The concept of transform coefficient partitioning is used for increasing the granularity of packet-based quality scalable coding:
Packet-based quality scalability (PQS) is a desirable feature in many video coding or transmission applications. Any realization of PQS in a hybrid video coding approach, however, requires suitable concepts for controlling drift and for generating sufficiently small increments in bit rate in order to allow progressive refinements of perceptual quality relative to a given base layer quality. We developed an algorithmically simple but yet remarkably well-performing method for packet-based fidelity scalability that is maximally consistent with the existing entropy coding design of H.264/AVC, allows sufficiently small increments in bit rate, and has been adopted as a normative element of SVC.
The SVC design includes two methods for quality scalable coding, so-called coarse granular or layer-based quality scalability (LQS) and medium granular or packet-based quality scalability (PQS). Conceptually, LQS is based on the multi-layer concept of SVC, which means that usually only a small number of discrete fidelity layers is supported. As an additional restriction, the configuration of fidelity layers in terms of supported target rate-distortion (R-D) points or potential switching points between them must be determined at the encoding time and is therefore fixed in advance. This may not be suitable for certain applications where, e.g., a higher flexibility in terms of bitstream adaptation is requested. Consequently, as a variation of LQS, PQS has been included in the SVC design, which allows switching between different fidelity layers at virtually any arbitrary point in the bitstream. However, as an important side condition for PQS, so-called key pictures have to be inserted as resynchronization points on a regular basis in order to limit the drift effects that may result from discarding fidelity refinement packets which have been included as a reference for motion-compensated prediction at the encoder.

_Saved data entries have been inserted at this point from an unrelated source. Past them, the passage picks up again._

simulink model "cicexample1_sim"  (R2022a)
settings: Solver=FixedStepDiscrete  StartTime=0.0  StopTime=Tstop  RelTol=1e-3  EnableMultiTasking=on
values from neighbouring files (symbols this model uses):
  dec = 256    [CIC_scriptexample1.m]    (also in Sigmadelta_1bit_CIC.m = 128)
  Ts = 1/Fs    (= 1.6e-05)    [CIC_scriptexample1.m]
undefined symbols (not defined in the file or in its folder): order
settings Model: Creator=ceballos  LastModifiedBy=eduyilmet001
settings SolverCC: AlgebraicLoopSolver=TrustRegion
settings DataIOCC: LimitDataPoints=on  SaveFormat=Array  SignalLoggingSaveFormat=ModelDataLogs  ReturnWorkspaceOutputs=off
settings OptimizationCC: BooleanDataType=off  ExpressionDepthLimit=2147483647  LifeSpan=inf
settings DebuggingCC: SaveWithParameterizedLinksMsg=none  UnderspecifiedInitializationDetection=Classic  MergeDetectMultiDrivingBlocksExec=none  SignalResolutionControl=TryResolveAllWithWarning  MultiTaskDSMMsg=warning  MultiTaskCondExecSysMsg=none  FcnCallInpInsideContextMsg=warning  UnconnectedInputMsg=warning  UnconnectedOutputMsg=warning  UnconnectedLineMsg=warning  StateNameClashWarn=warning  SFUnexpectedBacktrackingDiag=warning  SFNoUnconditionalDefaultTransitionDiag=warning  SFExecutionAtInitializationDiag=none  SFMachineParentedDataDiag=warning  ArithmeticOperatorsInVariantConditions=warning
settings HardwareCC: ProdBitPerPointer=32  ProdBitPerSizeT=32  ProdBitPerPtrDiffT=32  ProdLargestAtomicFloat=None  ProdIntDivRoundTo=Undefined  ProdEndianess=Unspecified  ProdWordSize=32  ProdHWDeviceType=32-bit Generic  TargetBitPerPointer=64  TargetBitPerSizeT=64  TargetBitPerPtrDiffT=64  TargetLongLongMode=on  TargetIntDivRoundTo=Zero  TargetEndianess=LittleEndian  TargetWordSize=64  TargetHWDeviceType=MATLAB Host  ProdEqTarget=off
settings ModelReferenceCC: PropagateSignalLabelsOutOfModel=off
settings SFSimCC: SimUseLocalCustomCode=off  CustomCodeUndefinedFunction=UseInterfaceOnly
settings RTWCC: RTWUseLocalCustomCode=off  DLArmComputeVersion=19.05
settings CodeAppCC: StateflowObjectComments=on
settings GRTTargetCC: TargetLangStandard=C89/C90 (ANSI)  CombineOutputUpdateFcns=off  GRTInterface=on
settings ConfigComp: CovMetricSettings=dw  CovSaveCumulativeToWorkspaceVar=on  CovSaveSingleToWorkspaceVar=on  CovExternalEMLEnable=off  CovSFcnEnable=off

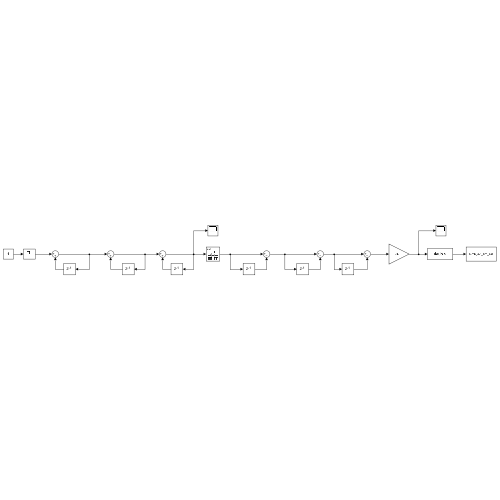
[thumbnail: Simulink's stored preview of the top-level diagram]
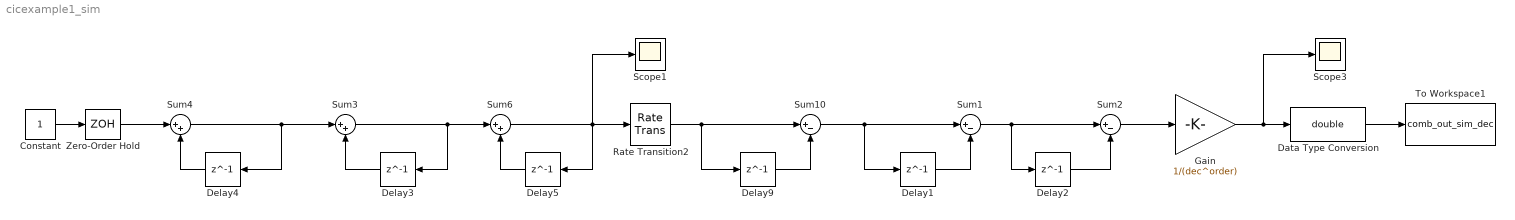
== system cicexample1_sim ==
  Constant : Constant  OutDataTypeStr=fixdt(1,5,0)  SampleTime=Ts
  Data Type Conversion : DataTypeConversion  OutDataTypeStr=double  SaturateOnIntegerOverflow=off  RndMeth=Floor
  Delay{1..5,9} (6 alike) : Delay  DelayLength=1  InitialCondition=0
  Gain : Gain  Gain=1/(dec^order)
  Rate Transition2 : RateTransition  OutPortSampleTimeOpt=Multiple of input port sample time  OutPortSampleTimeMultiple=dec
  Scope1 : Scope
  Scope3 : Scope
  Sum1 : Sum  Inputs=|+-  AccumDataTypeStr=fixdt(1,26,0)  OutDataTypeStr=Inherit: Same as accumulator
  Sum10 : Sum  Inputs=|+-  AccumDataTypeStr=fixdt(1,26,0)  OutDataTypeStr=Inherit: Same as accumulator
  Sum2 : Sum  Inputs=|+-  AccumDataTypeStr=fixdt(1,26,0)  OutDataTypeStr=Inherit: Same as accumulator
  Sum3 : Sum  Inputs=|++  AccumDataTypeStr=fixdt(1,26,0)  OutDataTypeStr=Inherit: Same as accumulator
  Sum4 : Sum  Inputs=|++  AccumDataTypeStr=fixdt(1,26,0)  OutDataTypeStr=Inherit: Same as accumulator
  Sum6 : Sum  Inputs=|++  AccumDataTypeStr=fixdt(1,26,0)  OutDataTypeStr=Inherit: Same as accumulator
  To Workspace1 : ToWorkspace  VariableName=comb_out_sim_dec  SampleTime=-1
  Zero-Order Hold : ZeroOrderHold  SampleTime=Ts
  wires:
  Rate Transition2/1 -> Sum10/1, Delay9/1
  Delay9/1 -> Sum10/2
  Delay5/1 -> Sum6/2
  Data Type Conversion/1 -> To Workspace1/1
  Gain/1 -> Data Type Conversion/1, Scope3/1
  Constant/1 -> Zero-Order Hold/1
  Sum6/1 -> Rate Transition2/1, Scope1/1, Delay5/1
  Sum10/1 -> Delay1/1, Sum1/1
  Delay1/1 -> Sum1/2
  Sum1/1 -> Delay2/1, Sum2/1
  Delay2/1 -> Sum2/2
  Sum2/1 -> Gain/1
  Sum3/1 -> Delay3/1, Sum6/1
  Zero-Order Hold/1 -> Sum4/1
  Sum4/1 -> Delay4/1, Sum3/1
  Delay4/1 -> Sum4/2
  Delay3/1 -> Sum3/2

When using inter-layer residual prediction in SVC, both LQS and PQS are typically realized by generating a quality scalable representation of the residual texture signal. This scalable representation is conceptually composed of a base layer and one or several enhancement layers. The base-layer residual texture signal is obtained by first quantizing the residual texture signal with a certain pre-determined quantization step size and corresponds to a reconstruction with the lowest supported quality. The additional quality enhancement layers on top of the base layer are generated by repeatedly re-quantizing the quantization error that results from a possible change in motion parameters and from the quantization of the base layer and, if more than one enhancement layer is involved, all preceding enhancement layers. Typically, the quantization step size is halved from one layer to the next in the corresponding encoding process in order to limit the bit rate overhead relative to single-layer coding. At the decoder, the received number of fidelity enhancement layers is added to the base layer in order to create a reconstruction of the residual texture signal. In this way, each of the fidelity enhancement layers represents a discrete step of quality improvement which has to be applied fully or not at all. But in some cases it could be desirable to scale the fidelity of the video signal in smaller steps than by using a whole fidelity enhancement layer.
In order to provide a finer granularity for quality scalable coding, we added the possibility to distribute the enhancement layer transform coefficients among several slices. To this end, the first and the last scan index for transform coefficients are signaled in the slice headers, and the slice data only include transform coefficient levels for scan indices inside the signaled range. Thus, the information for a quality refinement picture that corresponds to a certain quantization steps size can be distributed over several NAL units corresponding to different quality refinement layers with each of them containing refinement coefficients for particular transform basis functions only and the granularity of quality scalable coding can be increased. An example for the transform coefficient partitioning is illustrated in Figure 1.
References
- H. Kirchhoffer, D. Marpe, H. Schwarz, and T. Wiegand, "A low-complexity approach for increasing the granularity of packet-based fidelity scalability in scalable video coding," Picture Coding Symposium, 2007.
- H. Schwarz, D. Marpe, and T. Wiegand, "Overview of the Scalable Video Coding Extension of the H.264/AVC Standard," IEEE Trans. on Circuits and Systems for Video Technology, Sept. 2007.